Users can search all the genomic variant, multiomics, cohort and clinical data in dbTMM, which enables users to precisely stratify our cohort population by a combination of these data. Users can set a search condition for cohort data, for example, gender is male, age is over 40 years, HbA1c is over 6.2, alcohol drinking is present, and a history of type II diabetes history is present. Similarly, as shown in Fig. 5(B), users can also set search conditions for genome data, specifying, for example, that the genotype for rs515071 should be A/A( + ),T/T(-).

As a result, users can, for example, precisely narrow the subjects down to 46 participants for a diabetes study considering genetic background (Fig. 5(A); Data Table). Thus, users are able to access dbTMM and search for the data that are needed for research and development.
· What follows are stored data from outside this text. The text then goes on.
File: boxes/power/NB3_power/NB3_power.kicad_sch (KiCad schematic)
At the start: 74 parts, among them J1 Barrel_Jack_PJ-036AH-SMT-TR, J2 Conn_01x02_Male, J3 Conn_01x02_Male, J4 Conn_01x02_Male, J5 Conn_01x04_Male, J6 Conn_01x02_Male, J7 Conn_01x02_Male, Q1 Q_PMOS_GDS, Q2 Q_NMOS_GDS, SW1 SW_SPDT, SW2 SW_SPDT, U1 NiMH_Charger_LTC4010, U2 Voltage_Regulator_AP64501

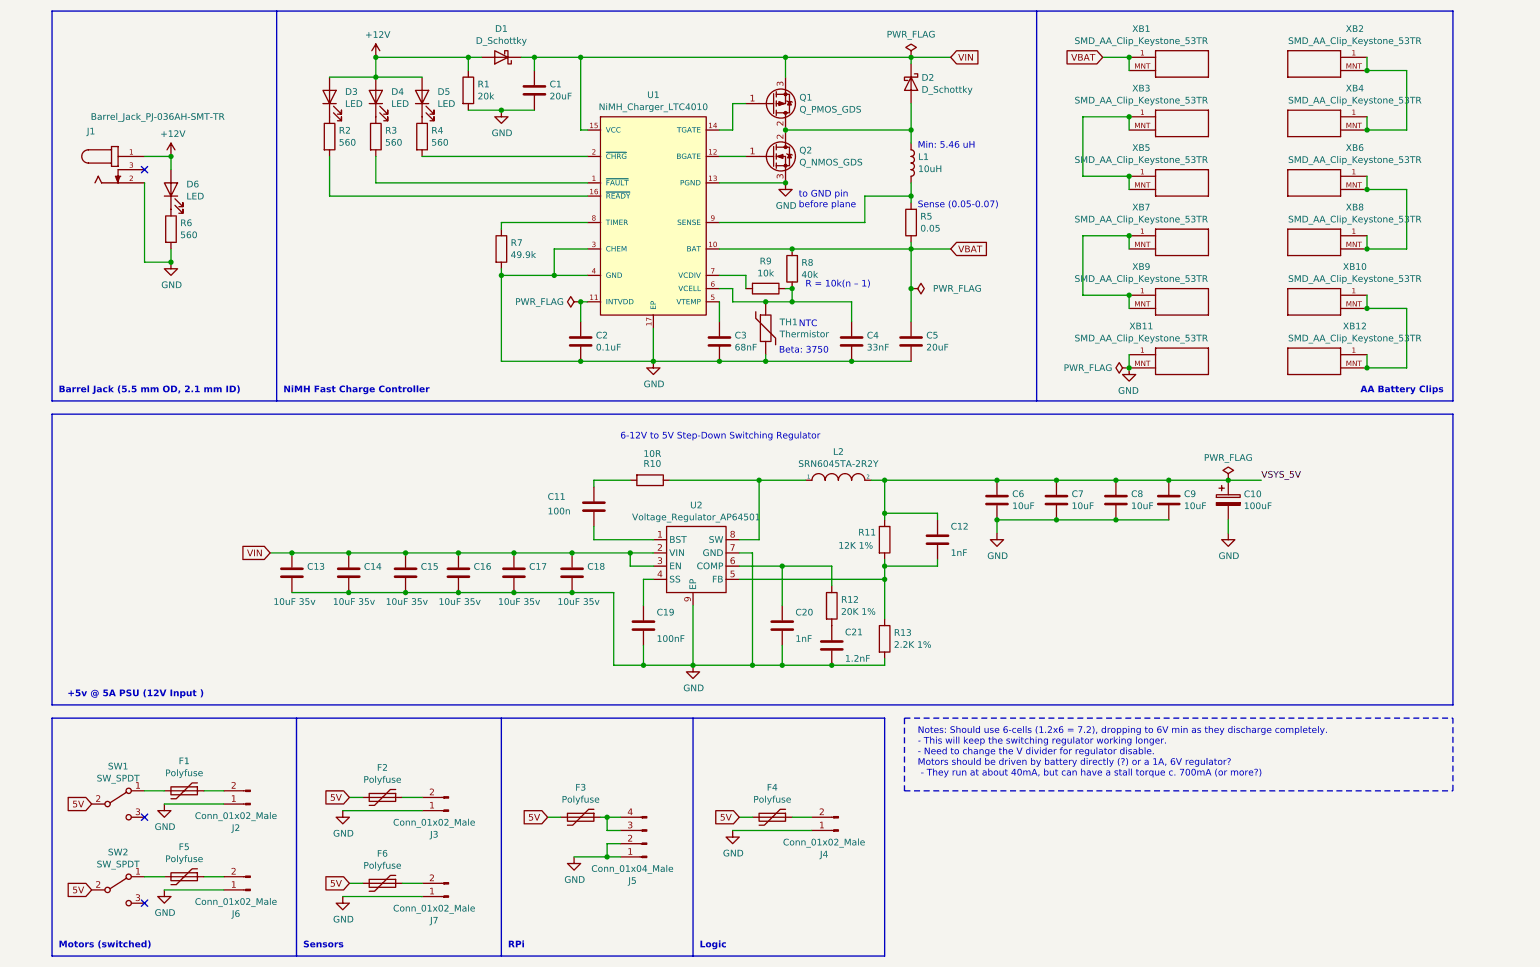
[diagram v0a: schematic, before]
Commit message: Work on NB3_power PCB
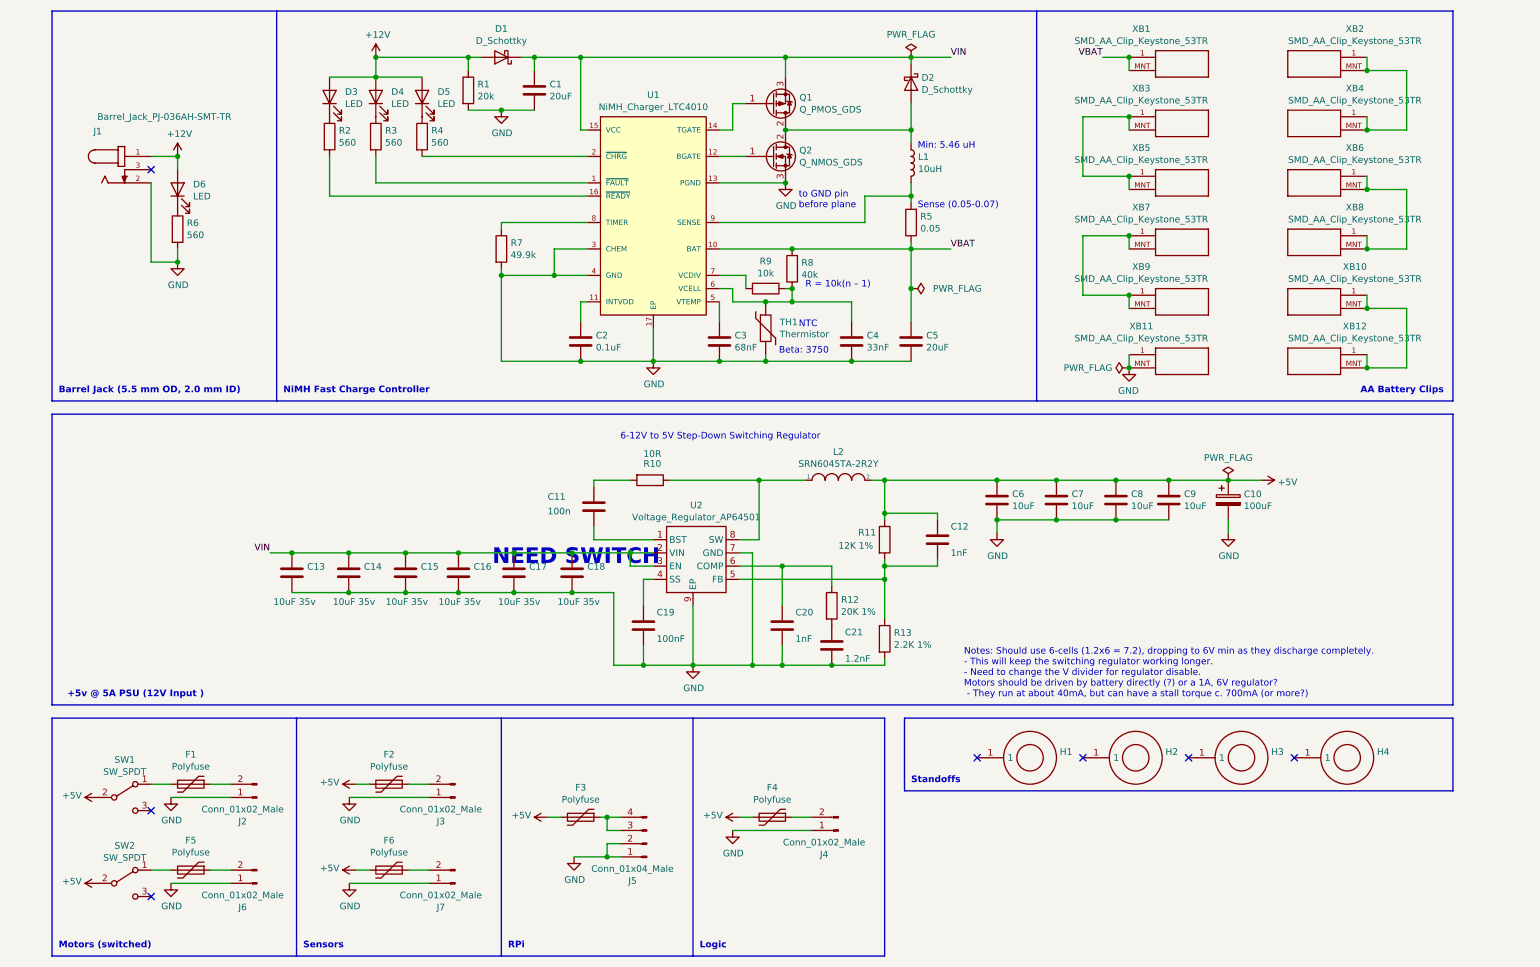
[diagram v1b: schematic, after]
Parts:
- added H1, H2, H3, H4: Standoff_SMT_5H_M2.5_9774050151R, NB3_power:Standoff_SMT_5H_M2.5_9774050151R, symbol NB3_power:Standoff_SMT_5H_M2.5_9774050151R
- Q1: footprint (none) -> NB3_power:PMOS_SMD_FDC658AP
- Q2: footprint (none) -> NB3_power:NMOS_SMD_SI3410DV-T1-GE3
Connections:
- net VSYS_5V is gone; now on net +5V: C10.1, C12.1, C6.1, C7.1, C8.1, C9.1, L2.2, R11.1
- net 5V renamed +5V
- no-connect marks 3 -> 7
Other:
- note added: "Barrel Jack (5.5 mm OD, 2.0 mm ID)"
- note added: "NEED SWITCH"
- note added: "Standoffs"
- note removed: "Barrel Jack (5.5 mm OD, 2.1 mm ID)"
- moved on the sheet: D6, F1, F2, F5, F6, J1, J2, J3, J6, J7, R6, SW1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

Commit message: More work on NB3_power PCB
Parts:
- removed D1, D2: D_Schottky, Diode_SMD:D_0805_2012Metric, symbol Device:D_Schottky
- removed SW2: SW_SPDT, NB3_power:Switch_SPDT_SMD_Slide_JS102011JCQN, symbol Switch:SW_SPDT
- added CR1, CR2: Schottky_PMEG3050EP,115, NB3_power:Schottky_PMEG3050EP,115, symbol NB3_power:Schottky_PMEG3050EP,115
- F1, F2, F4, F5, F6: value Polyfuse -> 1.1h2.2t
- F3: value Polyfuse -> 3h5t; footprint Fuse:Fuse_0805_2012Metric -> Fuse:Fuse_Bourns_MF-SM_7.98x5.44mm
- R8: value 40k -> 50k
- TH1: value Thermistor -> 10k, 3750; footprint (none) -> Resistor_SMD:R_0603_1608Metric
- renumbered C5 to C2, C2 to C3, C3 to C5, D3 to D1, D4 to D2, D5 to D3, D6 to D4, R6 to R5, R5 to R6
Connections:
- net +12V: now also CR1.2
- net +5V: now also F1.2, F5.2; no longer SW1.2 (B)
- net GND: now also SW1.3 (C)
- net VBAT: now also CR2.2
- net VIN: now also L1.1, Q1.2 (D), Q2.2 (D), SW1.1 (A), CR1.1, CR2.1; no longer U2.3 (EN)
- net at C5.1, U1.5 (VTEMP): now also C4.1, R8.1, R9.1, TH1.1, U1.6 (VCELL)
- new net: SW1.2 (B), U2.3 (EN)
- no-connect marks 7 -> 5
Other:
- note added: "Fuse: MF-LSMF300X-2"
- note added: "Fuse: MF-PSMF110X-2"
- note added: "Motors"
- note added: "NTCS0603E3103FMT"
- note removed: "Motors (switched)"
- note removed: "NEED SWITCH"
- note removed: "Notes: Should use 6-cells (1.2x6 = 7.2), dropping to 6V min as they discharge completely. - This will keep the switching regulator working longer. - Need to change the V divider for regulator disable. Motors should be driven by battery directly (?) or a 1A, 6V regulator? - They run at about 40mA, but can have a stall torque c. 700mA (or more?)"
- moved on the sheet: C1, C13, C14, C15, C16, C17, C18, C2, C3, C4, C5, D1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

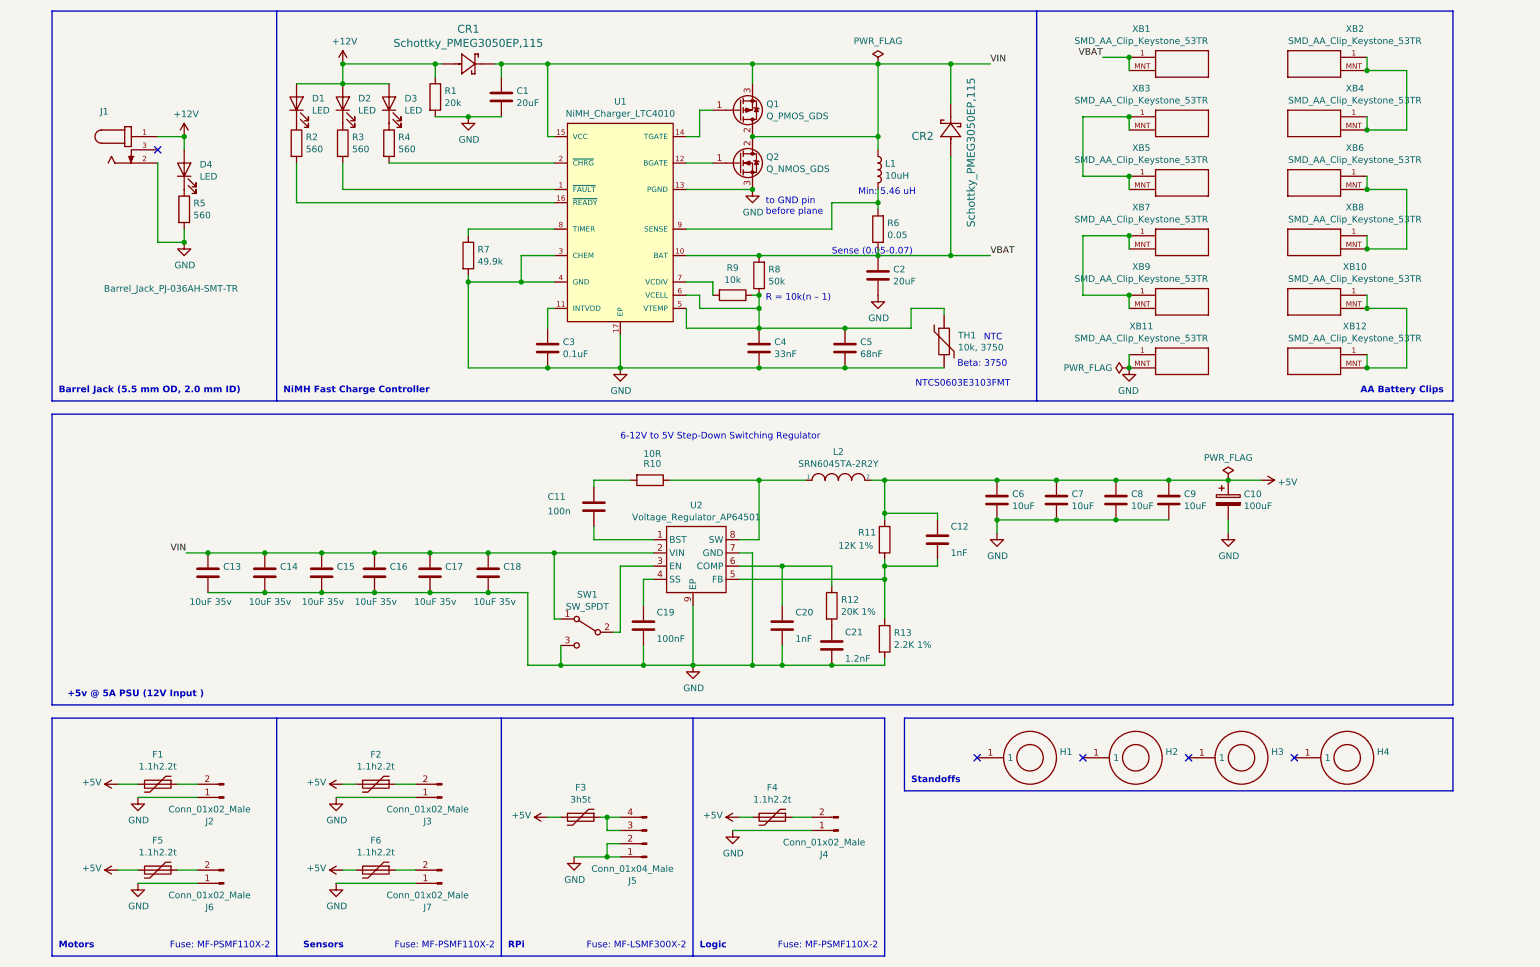
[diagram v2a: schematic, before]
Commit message: Work on NB3_power PCB (layout)
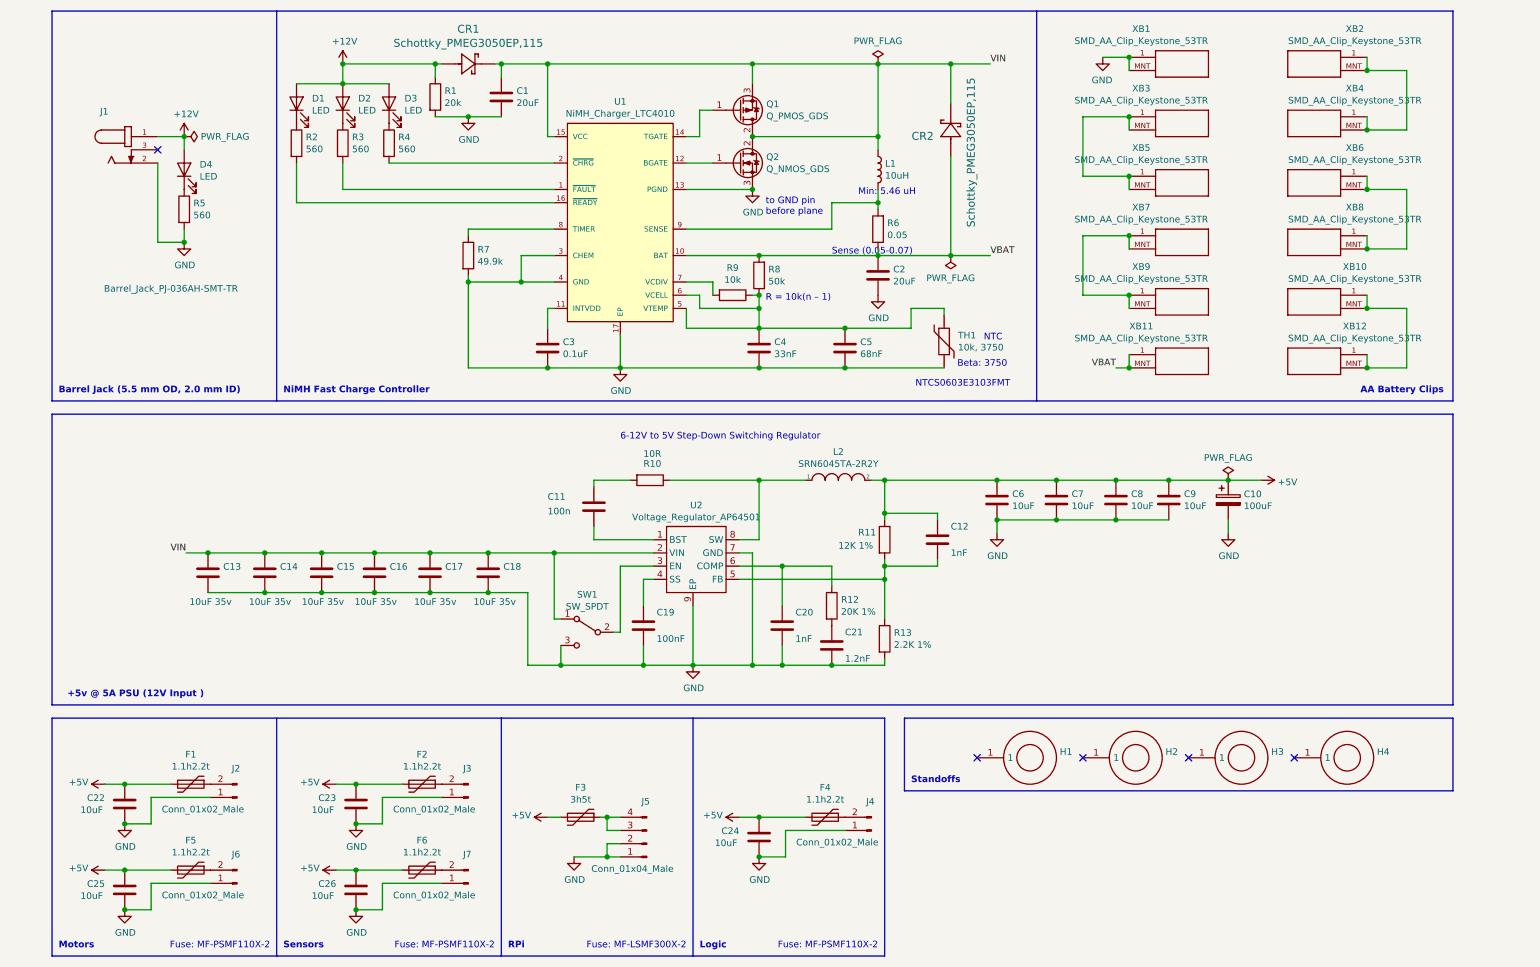
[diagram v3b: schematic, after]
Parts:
- added C22, C23, C24, C25, C26: 10uF, Capacitor_SMD:C_0805_2012Metric, symbol Device:C
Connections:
- net +5V: now also C22.1, C23.1, C24.1, C25.1, C26.1
- net GND: now also XB1.1, XB1.MNT, C22.2, C23.2, C24.2, C25.2, C26.2; no longer XB11.1, XB11.MNT
- net VBAT: now also XB11.1, XB11.MNT; no longer XB1.1, XB1.MNT
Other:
- moved on the sheet: F4, J2, J3, J4, J6, J7

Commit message: More work on NB£_power PCB
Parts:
- removed Q1: Q_PMOS_GDS, NB3_power:PMOS_SMD_FDC658AP, symbol Device:Q_PMOS_GDS
- removed Q2: Q_NMOS_GDS, NB3_power:NMOS_SMD_SI3410DV-T1-GE3, symbol Device:Q_NMOS_GDS
- added Q1: PMOS, NB3_power:PMOS_SMD_FDC658AP, symbol NB3_power:PMOS_SMD_FDC658AP
- added Q2: NMOS, NB3_power:NMOS_SMD_SI3410DV-T1-GE3, symbol NB3_power:NMOS_SMD_SI3410DV-T1-GE3
- J2, J3, J4, J6, J7: footprint Connector_PinHeader_2.54mm:PinHeader_1x02_P2.54mm_Vertical_SMD_Pin1Left -> Connector_PinHeader_2.54mm:PinHeader_1x02_P2.54mm_Vertical_SMD_Pin1Right
- J5: footprint Connector_PinHeader_2.54mm:PinHeader_1x04_P2.54mm_Vertical_SMD_Pin1Left -> Connector_PinHeader_2.54mm:PinHeader_1x04_P2.54mm_Vertical_SMD_Pin1Right
- L1: footprint Inductor_SMD:L_0805_2012Metric -> Inductor_SMD:L_Bourns_SRN6045TA
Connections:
- net GND: now also Q2.4 (S)
- net VIN: now also Q1.4 (S); no longer L1.1
- net at U1.12 (BGATE): now also Q2.3 (G)
- net at U1.14 (TGATE): now also Q1.3 (G)
- new net Drain: L1.1, Q1.1 (D), Q1.2 (D), Q1.5 (D), Q1.6 (D), Q2.1 (D), Q2.2 (D), Q2.5 (D), Q2.6 (D)

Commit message: Still NB3_power PCB
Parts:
- removed C10: 100uF, Capacitor_Tantalum_SMD:CP_EIA-7343-31_Kemet-D, symbol Device:CP
- added C10: 100uF, Capacitor_Tantalum_SMD:CP_EIA-7343-31_Kemet-D, symbol Device:C_Polarized
- C11: value 100n -> 100nF
- C3: value 0.1uF -> 100nF; footprint Capacitor_SMD:C_0603_1608Metric -> Capacitor_SMD:C_0402_1005Metric
- C4, C5: footprint Capacitor_SMD:C_0603_1608Metric -> Capacitor_SMD:C_0402_1005Metric
- L1: value 10uH -> SRN6045TA-6R3M
- R1, R2, R3, R4, R5, R7, R8, R9: footprint Resistor_SMD:R_0603_1608Metric -> Resistor_SMD:R_0402_1005Metric
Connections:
- net +5V: now also C10.1
- net GND: now also C10.2

The next step is that the user applies for data use. If the application is approved, the user can access the data extracted from dbTMM, and the user can then carry out the approved research.

Conclusion

We developed dbTMM, a database that integrates both individual cohort/clinical data and genome/multiomics data from 157,191 participants in the Tohoku Medical Megabank project. To our knowledge, dbTMM is the first database to store individual whole-genome data on a variant-by-variant basis and cohort/clinical data for more than one hundred thousand participants in a prospective cohort study. dbTMM enables users to stratify the cohort by both genetic and environmental factors and provides a research and development platform. The platform enables prospective analysis of large-scale data from genome cohorts, which leads to the establishment of a new disease concept in genomic medicine for multifactorial diseases caused by the complex interaction of genetic and environmental factors.